TASK DIRECTIONS
Please copy out every line in the records below that includes the word "Memory".

INPUT

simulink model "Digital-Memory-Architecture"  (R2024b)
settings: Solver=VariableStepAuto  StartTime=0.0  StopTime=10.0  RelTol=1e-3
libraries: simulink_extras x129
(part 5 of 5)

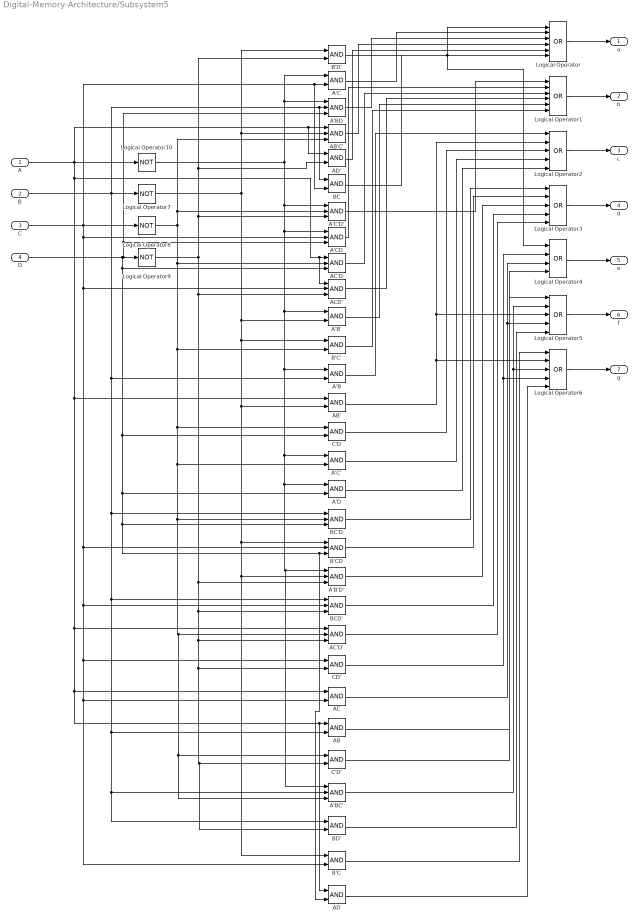
== system Digital-Memory-Architecture/Subsystem5 ==
  A : Inport
  B : Inport  Port=2
  C : Inport  Port=3
  D : Inport  Port=4
  A'B : Logic  AllPortsSameDT=off  OutDataTypeStr=boolean
  A'B' : Logic  AllPortsSameDT=off  OutDataTypeStr=boolean
  A'B'D' : Logic  Inputs=3  AllPortsSameDT=off  OutDataTypeStr=boolean
  A'BC' : Logic  Inputs=3  AllPortsSameDT=off  OutDataTypeStr=boolean
  A'BD : Logic  Inputs=3  AllPortsSameDT=off  OutDataTypeStr=boolean
  A'C : Logic  AllPortsSameDT=off  OutDataTypeStr=boolean
  A'C' : Logic  AllPortsSameDT=off  OutDataTypeStr=boolean
  A'C'D' : Logic  Inputs=3  AllPortsSameDT=off  OutDataTypeStr=boolean
  A'CD : Logic  Inputs=3  AllPortsSameDT=off  OutDataTypeStr=boolean
  A'D : Logic  AllPortsSameDT=off  OutDataTypeStr=boolean
  AB : Logic  AllPortsSameDT=off  OutDataTypeStr=boolean
  AB' : Logic  AllPortsSameDT=off  OutDataTypeStr=boolean
  AB'C' : Logic  Inputs=3  AllPortsSameDT=off  OutDataTypeStr=boolean
  AC : Logic  AllPortsSameDT=off  OutDataTypeStr=boolean
  AC'D : Logic  Inputs=3  AllPortsSameDT=off  OutDataTypeStr=boolean
  AC'D' : Logic  Inputs=3  AllPortsSameDT=off  OutDataTypeStr=boolean
  ACD' : Logic  Inputs=3  AllPortsSameDT=off  OutDataTypeStr=boolean
  AD : Logic  AllPortsSameDT=off  OutDataTypeStr=boolean
  AD' : Logic  AllPortsSameDT=off  OutDataTypeStr=boolean
  B'C : Logic  AllPortsSameDT=off  OutDataTypeStr=boolean
  B'C' : Logic  AllPortsSameDT=off  OutDataTypeStr=boolean
  B'CD : Logic  Inputs=3  AllPortsSameDT=off  OutDataTypeStr=boolean
  B'D' : Logic  AllPortsSameDT=off  OutDataTypeStr=boolean
  BC : Logic  AllPortsSameDT=off  OutDataTypeStr=boolean
  BC'D : Logic  Inputs=3  AllPortsSameDT=off  OutDataTypeStr=boolean
  BCD' : Logic  Inputs=3  AllPortsSameDT=off  OutDataTypeStr=boolean
  BD' : Logic  AllPortsSameDT=off  OutDataTypeStr=boolean
  C'D : Logic  AllPortsSameDT=off  OutDataTypeStr=boolean
  C'D' : Logic  AllPortsSameDT=off  OutDataTypeStr=boolean
  CD' : Logic  AllPortsSameDT=off  OutDataTypeStr=boolean
  Logical Operator : Logic  Operator=OR  Inputs=6  AllPortsSameDT=off  OutDataTypeStr=boolean
  Logical Operator1 : Logic  Operator=OR  Inputs=6  AllPortsSameDT=off  OutDataTypeStr=boolean
  Logical Operator{7..10} (4 alike) : Logic  Operator=NOT  AllPortsSameDT=off  OutDataTypeStr=boolean
  Logical Operator{2..3,5..6} (4 alike) : Logic  Operator=OR  Inputs=5  AllPortsSameDT=off  OutDataTypeStr=boolean
  Logical Operator4 : Logic  Operator=OR  Inputs=4  AllPortsSameDT=off  OutDataTypeStr=boolean
  a : Outport
  b : Outport  Port=2
  c : Outport  Port=3
  d : Outport  Port=4
  e : Outport  Port=5
  f : Outport  Port=6
  g : Outport  Port=7
  wires:
  Logical Operator6/1 -> g/1
  Logical Operator5/1 -> f/1
  Logical Operator4/1 -> e/1
  Logical Operator3/1 -> d/1
  Logical Operator2/1 -> c/1
  Logical Operator1/1 -> b/1
  Logical Operator/1 -> a/1
  B/1 -> BD'/1, A'BC'/2, AB/2, BCD'/1, BC'D/1, A'B/2, Logical Operator7/1, BC/1, A'BD/2
  D/1 -> AD/2, B'CD/3, BC'D/3, A'D/2, C'D/2, AC'D/3, A'BD/3, A'CD/3, Logical Operator9/1
  Logical Operator7/1 -> B'C/1, A'B'D'/2, B'CD/1, AB'/2, B'C'/1, A'B'/2, AB'C'/2, B'D'/1
  Logical Operator9/1 -> BD'/2, C'D'/2, CD'/2, AC'D'/3, BCD'/3, A'B'D'/3, ACD'/3, AD'/2, B'D'/2, A'C'D'/3
  B'D'/1 -> Logical Operator4/1, Logical Operator/1
  A/1 -> AD/1, AB/1, AC/1, AC'D'/1, AB'/1, ACD'/1, AC'D/1, AD'/1, AB'C'/1, Logical Operator10/1
  Logical Operator10/1 -> A'BC'/1, A'B'D'/1, A'D/1, A'C'/1, A'B/1, A'B'/1, A'CD/1, A'C'D'/1, A'BD/1, A'C/1
  C/1 -> B'C/2, AC/2, CD'/1, BCD'/2, B'CD/2, ACD'/2, A'CD/2, Logical Operator8/1, BC/2, A'C/2
  A'C/1 -> Logical Operator/2
  A'BD/1 -> Logical Operator/3
  Logical Operator8/1 -> A'BC'/3, C'D'/1, AC'D'/2, BC'D/2, A'C'/2, C'D/1, B'C'/2, AC'D/2, A'C'D'/2, AB'C'/3
  AB'C'/1 -> Logical Operator/4
  AD'/1 -> Logical Operator/5
  BC/1 -> Logical Operator/6
  A'C'D'/1 -> Logical Operator1/1
  A'CD/1 -> Logical Operator1/2
  AC'D/1 -> Logical Operator1/3
  ACD'/1 -> Logical Operator1/4
  A'B'/1 -> Logical Operator1/5
  B'C'/1 -> Logical Operator1/6
  A'B/1 -> Logical Operator2/1
  AB'/1 -> Logical Operator6/2, Logical Operator5/3, Logical Operator2/2
  C'D/1 -> Logical Operator2/3
  A'C'/1 -> Logical Operator2/4
  A'D/1 -> Logical Operator2/5
  BC'D/1 -> Logical Operator3/1
  B'CD/1 -> Logical Operator3/2
  A'B'D'/1 -> Logical Operator3/3
  BCD'/1 -> Logical Operator3/4
  AC'D'/1 -> Logical Operator3/5
  CD'/1 -> Logical Operator6/4, Logical Operator4/2
  AC/1 -> Logical Operator5/4, Logical Operator4/3
  AB/1 -> Logical Operator4/4
  C'D'/1 -> Logical Operator5/1
  A'BC'/1 -> Logical Operator6/3, Logical Operator5/2
  BD'/1 -> Logical Operator5/5
  B'C/1 -> Logical Operator6/1
  AD/1 -> Logical Operator6/5

EXPECTED OUTPUT
simulink model "Digital-Memory-Architecture"  (R2024b)
== system Digital-Memory-Architecture/Subsystem5 ==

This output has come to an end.